Germany, for instance, advocated strongly for carve-outs and exemptions for industrial AI applications (e.g., in manufacturing with companies like Siemens), citing risks of overlapping regulatory burdens with existing product safety rules. Broader lobbying highlighted fears that overly prescriptive timelines could stifle innovation and investment in the EU.

As a result, the EU is quietly repositioning itself. Early rhetoric surrounding the AI Act focused heavily on human-centric AI, trustworthiness, and protection of fundamental rights. More recent discussions increasingly emphasize innovation, regulatory flexibility, and European competitiveness.

To critics, the recent changes amount to Europe caving in to lobbying pressure from Big Tech and compromising on its commitment to strong regulation. But to others, the EU is attempting to balance two competing imperatives: protecting European citizens from the harms of AI while ensuring that regulation does not become so burdensome as to simply drive developers and deployers elsewhere.
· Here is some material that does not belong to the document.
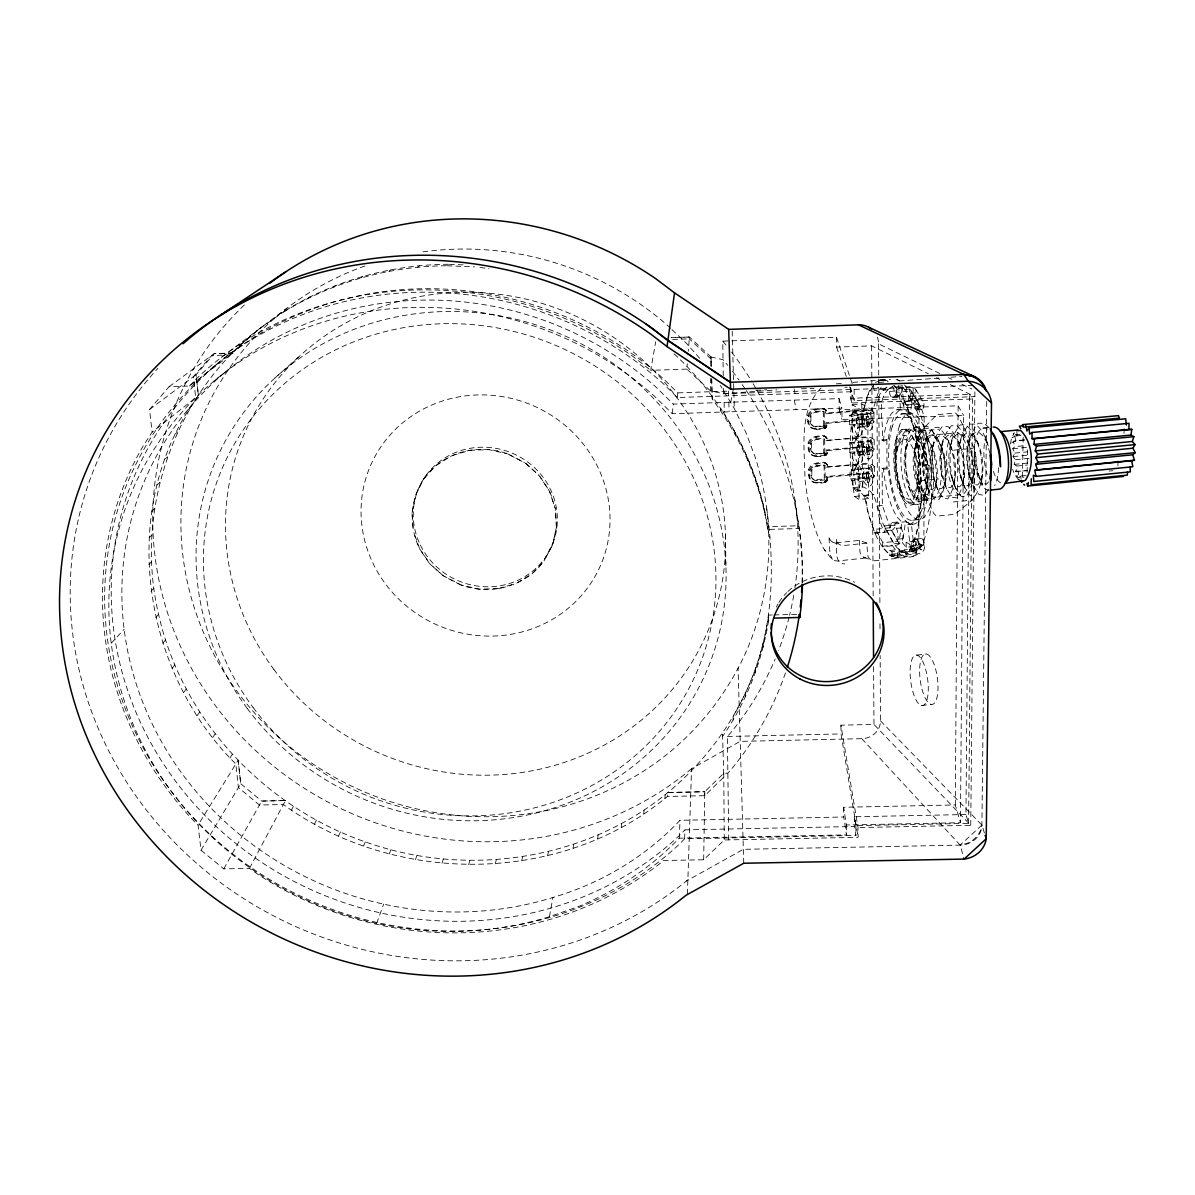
<?xml version="1.0" encoding="UTF-8"?>
<svg xmlns="http://www.w3.org/2000/svg" width="1195" height="1195" viewBox="0 0 1195 1195"><rect width="100%" height="100%" fill="white"/><g stroke="black" fill="none" stroke-linecap="round" stroke-linejoin="round"><path stroke-width="0.75" stroke-dasharray="5 3.75" d="M886.869 387.09L879.878 394.006L876.966 401.998L877.518 505.933L883.015 523.679L894.039 543.815L897.012 547.788L904.675 552.404L916.072 547.28L918.821 544.457L918.955 416.696L915.415 406.808L904.69 389.48L901.09 385.477M923.884 543.934L923.974 495.985L922.435 494.954A57.763 19.568 84.8 0 1 907.737 524.71L910.799 551.717L921.121 546.757L923.884 543.934L918.821 544.457M924.034 466.155L924.123 416.218L920.553 406.345L909.768 389.032L906.841 414.904L907.647 415.666A57.763 19.568 84.8 0 1 922.48 465.184L924.034 466.155L929.157 465.662L929.083 495.477L923.974 495.985M802.547 582.533A344.548 325.817 22.3 0 0 799.171 528.534L767.743 529.445C760.214 482.347 740.706 437.236 712.235 399.04L711.697 378.77M772.224 614.992L768.609 615.096L768.564 620.997C761.753 662.194 746.412 702.077 722.557 736.434L722.512 732.729L723.797 777.108L704.721 795.691L667.437 796.467C560.321 885.57 394.933 885.405 283.32 804.519L259.449 805.027L238.402 787.565L235.818 763.978C140.457 669.917 117.289 505.216 198.385 395.575L196.099 374.722L214.234 353.66L232.965 353.003L189.467 386.03L169.078 386.717L149.509 409.526L152.153 432.127L143.37 445.615A339.753 318.587 21.5 0 0 191.708 818.754L198.071 825.043L200.999 850.228L223.779 868.884L249.486 868.392L258.165 874.546A339.753 318.587 21.5 0 0 660.73 862.88L663.464 860.534L703.676 859.758L724.275 839.966L858.1 837.336L858.01 827.552L840.936 725.186L873.963 724.424L970.743 825.312L858.01 827.552M955.313 804.967L958.121 405.822L839.204 409.706L839.084 398.622L673.293 404.089L655.906 387.016A323.008 303.216 21.6 0 0 241.256 359.695A323.008 303.216 21.6 0 0 163.476 745.172A323.008 303.216 21.6 0 0 552.912 897.475A301.573 282.677 20.2 0 0 680.03 820.308L843.76 816.992L846.478 834.887L679.223 838.188C650.857 867.66 616.306 890.738 578.619 906.512L549.446 916.67A330.134 309.176 21.4 0 1 151.406 761.036A330.134 309.176 21.4 0 1 230.74 367.985A330.134 309.176 21.4 0 1 654.487 396.232L672.277 413.694L841.877 408.152L841.997 419.46L963.663 415.531L960.466 822.698L846.374 824.983L843.655 807.267L955.313 804.967L960.466 822.698M766.622 508.159C775.674 570.373 773.195 635.83 745.292 693.294C726.665 732.625 698.985 767.384 665.152 794.705C582.204 861.326 464.75 877.414 365.282 841.877C264.14 806.879 181.894 719.435 158.576 614.305C133.511 508.741 175.531 391.616 262.467 326.549M710.876 366.043L711.025 357.021L689.425 337.005L671.022 337.662L689.41 337.035L688.275 351.315M965.948 814.527L854.395 816.782L855.844 825.64L968.607 823.385L965.948 814.527L969.623 394.32L850.437 398.249L850.317 387.135L844.895 387.329M968.607 823.385L972.506 398.996L969.623 394.32M970.743 825.312L974.896 391.84M986.726 401.401L981.902 825.088L980.288 830.943A24.318 22.063 -8.5 0 1 966.576 843.58L960.168 845.119L743.335 849.316L686.453 880.999M703.676 859.758L704.766 791.732L723.767 773.255L727.86 773.15L730.474 770.282A342.98 324.502 22.4 0 0 785.578 672.516M704.721 795.691L704.781 791.747L667.661 792.509L667.437 796.467M711.234 366.238L711.04 357.006L723.02 359.68A342.98 324.502 22.4 0 1 727.77 365.341M899.312 485.304L902.852 495.701L907.184 501.766L911.561 502.512C922.674 484.319 921.554 455.683 906.885 439.551L902.748 439.431C890.275 453.995 895.877 476.551 902.18 492.833C895.563 473.25 892.023 446.885 906.168 429.946L911.695 430.051C928.649 448.185 933.878 480.211 920.643 501.601L916.207 500.854C901.418 480.719 899.387 448.962 915.236 429.095L920.822 429.199C937.851 447.214 943.094 479.404 929.725 500.675L925.229 499.958C910.381 479.882 908.29 448.005 924.273 428.258L929.919 428.348C947.052 446.258 952.281 478.612 938.792 499.764L934.221 499.047C919.328 479.061 917.177 447.064 933.31 427.407L939.016 427.496C956.224 445.287 961.467 477.821 947.829 498.853L943.214 498.136C928.246 478.224 926.065 446.123 942.317 426.57L948.083 426.645C965.396 444.331 970.624 477.029 956.866 497.942L952.176 497.239C937.164 477.403 934.923 445.182 951.31 425.734L957.135 425.808C974.403 442.942 979.825 476.7 965.874 497.03L961.124 496.328C946.052 476.581 943.766 444.241 960.302 424.897L966.172 424.957C983.515 441.956 988.952 475.924 974.866 496.119L970.056 495.432C954.924 475.759 952.579 443.3 969.264 424.061L975.195 424.12C983.261 429.931 986.592 439.76 989.087 448.991M1022.472 477.163L1023.174 436.414M1027.102 472.354L1027.521 448.244M973.089 385.447L723.528 393.738L710.428 390.84L710.652 378.442M1117.908 465.841L1118.132 458.507M1124.002 433.456L1124.241 426.092M687.394 894.159L691.561 768.714L740.123 741.378L861.819 738.689A18.821 17.447 -6.4 0 0 880.491 720.854L880.162 655.532M917.536 488.023L917.148 462.226L914.743 451.142M926.737 487.097L927.215 473.982L925.647 459.522L922.181 446.034M684.615 838.8L684.959 829.868L854.485 826.492L855.934 835.424L684.615 838.8L680.358 843.222A337.528 316.511 21.5 0 1 209.947 834.319A337.528 316.511 21.5 0 1 192.858 385.417A337.528 316.511 21.5 0 1 662.852 383.281L677.326 397.517L851.841 391.721L851.945 402.954L972.506 398.996M935.924 486.186L936.447 473.086L934.878 458.626L931.398 445.152M945.096 485.275L945.648 472.174L944.095 457.745L940.584 444.286M954.252 484.363L954.835 471.278L953.281 456.848L949.771 443.405M679.223 838.188L680.03 820.308M963.394 483.452L964.006 470.382L962.468 455.967L958.928 442.538M972.506 482.556L973.148 469.486L971.625 455.086L968.084 441.672M823.489 425.45L823.265 410.871L814.766 411.618A6.274 5.796 -55 0 0 810.016 415.576L810.061 421.88A5.811 5.363 -54.8 0 0 814.885 426.301L824.416 426.092L824.221 411.528L823.086 410.826M824.774 453.428L823.728 452.8L823.684 438.192L824.655 438.983L824.819 453.368L815.348 453.547A5.781 5.333 -53.1 0 1 810.554 449.171L810.509 442.927A6.229 5.751 -53.3 0 1 815.244 438.983L823.699 438.207M849.406 415.218L867.54 413.56A5.034 1.075 -1 0 0 870.632 412.141L868.899 411.11A5.273 1.12 -1 0 0 862.192 410.542L826.507 413.784C828.225 407.107 818.978 407.749 815.348 409.228A8.634 7.992 -55 0 0 807.656 415.651L807.745 421.357A8.186 7.558 -54.8 0 0 815.647 428.587C819.441 429.035 827.597 428.915 825.715 422.791L862.327 419.445A8.275 1.792 -1 0 1 871.379 420.252L873.829 421.73A8.051 1.748 -1 0 1 869.587 423.717L853.335 425.241L854.305 425.838A13.055 4.153 85.3 0 0 860.893 435.114A13.055 4.153 85.3 0 0 860.714 414.874A13.055 4.153 85.3 0 0 854.216 416.144L851.348 416.398L849.406 415.218L849.496 424.882L851.438 426.107A13.055 4.123 85.3 0 0 857.995 435.383A13.055 4.123 85.3 0 0 857.816 415.143A13.055 4.123 85.3 0 0 851.348 416.398M824.281 479.18L824.087 464.87L815.632 465.632A6.199 5.706 -51.7 0 0 810.927 469.56L810.972 475.759A5.751 5.288 -51.5 0 0 815.752 480.076C816.29 478.493 827.642 479.927 824.087 479.314M849.735 442.718L867.794 441.015A5.019 1.135 -0.9 0 0 870.886 439.521L869.138 438.431A5.258 1.18 -0.9 0 0 862.461 437.803L825.999 440.492C827.791 434.084 819.262 435.368 815.826 436.593A8.589 7.932 -53.3 0 0 808.149 443.001L808.238 448.663A8.141 7.514 -53.1 0 0 816.11 455.803C819.875 456.221 828.015 456.102 826.133 450.022L862.596 446.586A8.245 1.897 -0.9 0 1 871.618 447.468L874.068 449.036A8.021 1.852 -0.9 0 1 869.826 451.127L853.648 452.681L854.619 453.323A12.981 4.108 85 0 0 861.177 462.809A12.981 4.108 85 0 0 860.997 442.747A12.981 4.108 85 0 0 854.53 443.704L851.662 443.972L849.735 442.718L849.824 452.308L851.751 453.592A12.981 4.093 85 0 0 858.294 463.092A12.981 4.093 85 0 0 858.115 443.016A12.981 4.093 85 0 0 851.662 443.972M816.499 482.317C820.233 482.705 828.344 482.601 826.477 476.551L862.79 473.026A8.216 2.002 -0.8 0 1 871.782 473.967L874.217 475.625A7.992 1.957 -0.8 0 1 870.005 477.821L853.902 479.419L853.813 469.889L869.945 468.32A7.992 1.912 -0.8 0 0 874.157 466.155L871.723 464.526A8.231 1.972 -0.8 0 0 862.73 463.615L826.357 467.096C828.135 460.717 819.606 462.047 816.215 463.257A8.544 7.872 -51.7 0 0 808.582 469.635L808.671 475.252A8.096 7.454 -51.5 0 0 816.499 482.317L817.41 483.004C821.159 483.183 829.3 483.422 827.403 477.223L826.477 476.551M981.618 481.645L982.29 468.589L980.766 454.205L977.211 440.806M412.036 513.745L413.38 530.924M412.096 512.655L415.382 495.835M664.898 798.663L665.152 794.705M711.01 358.948L689.276 338.857L689.41 337.035M556.317 527.697L552.643 544.427M556.392 526.607L555.436 509.339M710.428 390.84L686.841 369.106L687.274 363.773M643.717 814.049L644.075 810.046M677.326 397.517L677.774 392.886L663.464 378.8A333.898 313.463 21.6 0 0 198.504 381.16A333.898 313.463 21.6 0 0 215.369 825.715A333.898 313.463 21.6 0 0 680.747 834.259L684.959 829.868M672.277 413.694L673.293 404.089M768.564 620.997L768.609 615.096M1027.61 470.77L1015.347 471.188L1016.572 471.831L1014.674 470.755L1017.528 471.756L1016.019 471.577L1016.646 466.05L1014.167 464.392L1015.391 459.702L1013.061 456.609L1014.794 453.084L1012.762 448.737L1014.884 446.601L1025.848 445.556M621.236 827.523L621.699 823.46M906.841 414.904L910.366 414.59L913.339 388.719L910.904 386.045M907.154 444.286C904.391 461.151 905.347 478.881 911.845 494.805M916.102 443.45C913.294 460.284 914.235 478.03 920.807 493.908M925.02 442.598C922.167 459.418 923.108 477.163 929.74 493.012M933.937 441.747C931.039 458.551 931.98 476.312 938.672 492.116M942.825 440.91C939.882 457.685 940.823 475.461 947.59 491.235M951.698 440.074C948.71 456.834 949.652 474.594 956.478 490.338L950.682 474.49L952.714 480.017M960.556 439.222C957.524 455.967 958.465 473.743 965.366 489.442L959.57 473.608L961.557 479.135M989.027 427.72L984.202 423.284L978.197 423.224C961.915 442.016 964.843 475.117 978.974 494.536L983.843 495.223L987.996 490.398L988.892 487.187M597.605 839.009L598.172 834.902M875.143 532.91L884.838 531.909L885.39 528.25L890.215 527.802L882.328 505.455L882.164 468.335L883.538 469.247A57.763 19.568 84.8 0 0 897.385 517.301L901.866 522.155L898.924 543.307L891.515 530.102L886.66 530.595M906.258 547.295L906.139 542.157L915.37 541.186L921.226 544.576L921.33 549.76L915.475 546.324L906.258 547.295L902.539 542.918L905.511 521.782L901.866 522.155M882.881 542.739L882.268 546.847L894.965 545.503A7.275 5.333 -27.6 0 0 902.688 539.05L902.763 538.646A7.693 2.569 84.1 0 0 901.224 527.891L898.834 523.544A7.678 2.554 84.1 0 0 895.384 525.202L895.324 525.606A7.215 5.318 -27.7 0 1 887.676 532.029L875.084 533.328L875.681 529.251L890.23 527.742L897.55 541.201L882.881 542.739L875.681 529.251M893.875 385.477L896.594 387.807L895.921 392.363L903.704 405.284L919.149 403.895L918.791 406.166A8.126 2.823 85.6 0 1 915.041 408.6L912.487 404.403A8.111 2.808 85.6 0 1 910.874 393.274L911.217 391.004L895.906 392.363L896.504 388.39L906.721 387.479L906.124 391.452L914.011 404.358L914.608 400.519L904.286 401.445M969.399 438.386C965.978 451.381 965.411 465.602 970.385 478.269M903.704 405.284L904.406 400.713L917.805 399.503A7.708 5.87 -31.3 0 1 923.989 405.254L923.929 405.702A8.126 2.853 85.6 0 1 920.135 408.137L915.041 408.6M890.215 527.802L890.544 525.695A7.678 2.539 84.1 0 1 893.965 524.052L898.834 523.544M901.926 555.615L892.038 556.676L889.902 555.331L889.857 550.477L892.008 551.791L901.911 550.746L901.926 555.615L896.907 551.657L892.127 545.249L892.665 541.723L885.39 528.25M920.135 408.137L917.566 403.955A8.096 2.823 85.6 0 1 915.967 392.826L916.027 392.363A7.633 5.855 -31.5 0 0 909.888 386.627L896.594 387.807M897.55 541.201L897.878 539.154A7.708 2.554 84.1 0 0 896.355 528.399L893.965 524.052M573.003 848.435L573.705 844.282M686.841 369.106L650.722 370.345L655.682 341.755M815.647 428.587L816.558 429.199C820.368 429.438 828.568 429.662 826.641 423.388L825.715 422.791M816.11 455.803L817.022 456.46C820.801 456.669 828.971 456.893 827.059 450.664L826.133 450.022M549.446 916.67L552.912 897.475M889.857 550.477L899.73 549.431L899.745 553.375L889.872 554.435C876.099 543.576 872.006 524.695 866.898 508.712C867.421 498.27 862.476 491.653 853.006 487.65L852.931 478.732L854.858 480.091A12.921 4.078 84.7 0 0 861.386 489.771A12.921 4.078 84.7 0 0 861.222 469.874A12.921 4.078 84.7 0 0 854.769 470.561L852.842 469.217L852.244 404.746L867.675 413.709L868.72 498.524L859.056 499.495L854.574 496.448A89.789 29.367 84.8 0 1 853.364 412.096L872.798 410.333L878.952 390.421L881.133 387.449M730.713 402.551L733.386 388.674M547.639 855.739L548.445 851.557M1010.372 443.972L1011.493 438.475L1014.331 432.695M918.522 480.778L917.013 487.799L914.489 491.309L911.456 490.816L908.454 486.44M552.538 544.92L556.422 527.174L555.406 508.831L549.476 491.175L539.05 475.431L525.666 463.316L507.696 453.906C478.119 442.568 441.597 452.636 423.687 479.061C409.945 499.659 408.69 526.711 419.639 548.804L430.185 564.174L443.464 575.915L461.121 585.012C490.204 595.976 525.919 586.431 544.024 560.888L553.285 542.396M927.693 479.867L926.14 486.888L923.571 490.413L920.494 489.92L917.446 485.543M521.662 860.878L522.588 856.695M936.835 478.971L935.252 485.992L932.638 489.502L929.516 489.024L926.424 484.662M945.962 478.06L944.334 485.08L941.69 488.606L938.523 488.128L935.386 483.766M955.074 477.163L953.416 484.184L950.727 487.694L947.501 487.231L944.334 482.885M964.171 476.267L962.468 483.273L959.734 486.798L956.478 486.335L953.266 482.003M823.908 452.696L824.849 453.308M973.238 475.371L971.505 482.377L968.727 485.902L965.426 485.439L962.184 481.107M495.268 863.851L496.328 859.653M982.305 474.475L980.542 481.48L977.704 485.006L974.358 484.543L971.072 480.226L968.443 472.742L974.224 488.561L971.072 480.226M468.649 864.627L469.829 860.43M896.668 450.455L898.192 445.137M441.986 863.208L443.3 859.011M415.457 859.608L416.906 855.441M415.74 494.82L423.493 479.464M905.661 449.589L908.23 442.419L911.83 438.58L916.012 438.684L920.24 442.777L923.929 450.261M824.401 426.122L815.797 426.914A5.811 5.377 -54.8 0 1 810.972 422.492L810.927 416.174A6.274 5.796 -54.9 0 1 815.692 412.215L824.206 411.483M824.655 453.443L816.275 454.19A5.781 5.333 -53.1 0 1 811.45 449.813L811.42 443.554A6.244 5.766 -53.3 0 1 816.155 439.611L824.655 438.983M825.162 479.942L816.663 480.748A5.751 5.303 -51.5 0 1 811.868 476.432L811.838 470.218A6.214 5.721 -51.7 0 1 816.543 466.289L824.983 465.497L825.207 479.763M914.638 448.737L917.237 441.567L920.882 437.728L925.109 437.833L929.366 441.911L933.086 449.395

The GPAI Code of Practice Takes the Stage

Meanwhile, much of the EU’s regulatory attention has shifted toward the Act’s rules governing general-purpose AI systems (“GPAI”)—a category commonly understood to include foundation and frontier models developed by firms such as OpenAI, Anthropic, Google DeepMind, Meta AI, and xAI. The Act’s GPAI provisions became applicable in August 2025 and are increasingly becoming the center of gravity for European AI governance.

That development makes the EU’s GPAI Code of Practice unusually important. Published by the European Commission in July 2025, the Code provides guidance for firms seeking to comply with the AI Act’s requirements for general-purpose AI systems. Formally, the Code is voluntary. Functionally, however, it operates more like a quasi-mandatory governance framework. Firms that sign onto the Code receive a clearer path toward demonstrating compliance, while firms that decline to participate may face greater regulatory scrutiny and legal uncertainty. (This dynamic is familiar in other domains of business regulation. Accounting standards, cybersecurity frameworks, and GDPR guidance documents often become effectively mandatory in practice even when they are not formally binding.)

The Bottom Line: Implications for Accountable AI and Business Strategy

For business leaders, several key takeaways emerge:

  1. Use the runway wisely: The extension allows time to build mature, integrated governance and accountability practices for high-risk systems—think risk classification, impact assessments, and oversight mechanisms—rather than treating compliance as a future checkbox.
  2. Treat GPAI governance as strategic: Engaging proactively with the Code of Practice not only mitigates regulatory risk, but signals responsible innovation and leadership to partners, investors, and regulators.
  3. Balance ethics and competitiveness: The EU’s pivot illustrates that sustainable AI leadership requires aligning regulation with economic realities. Overly rigid ethics-first approaches risk being impractical, but overly lax ones can undermine trust.
  4. Global ripple effects: As the first comprehensive AI law (and the most ambitious one to date), EU developments influence international standards, supply chains, and multijurisdictional compliance. Businesses operating globally should track these signals closely.

The policy battle continues. The EU AI Act remains a landmark regulatory project, but its rocky implementation reveals the tensions inherent in regulating a general-purpose technology amid intense geopolitical competition. For Europe, the central question is no longer how to regulate AI ethically, but how to do so while maintaining its relevance in the AI economy.

Firms that treat accountable AI as a strategic advantage—and choose to prioritize responsibility alongside innovation—will be best placed to navigate the evolving global AI regulatory landscape.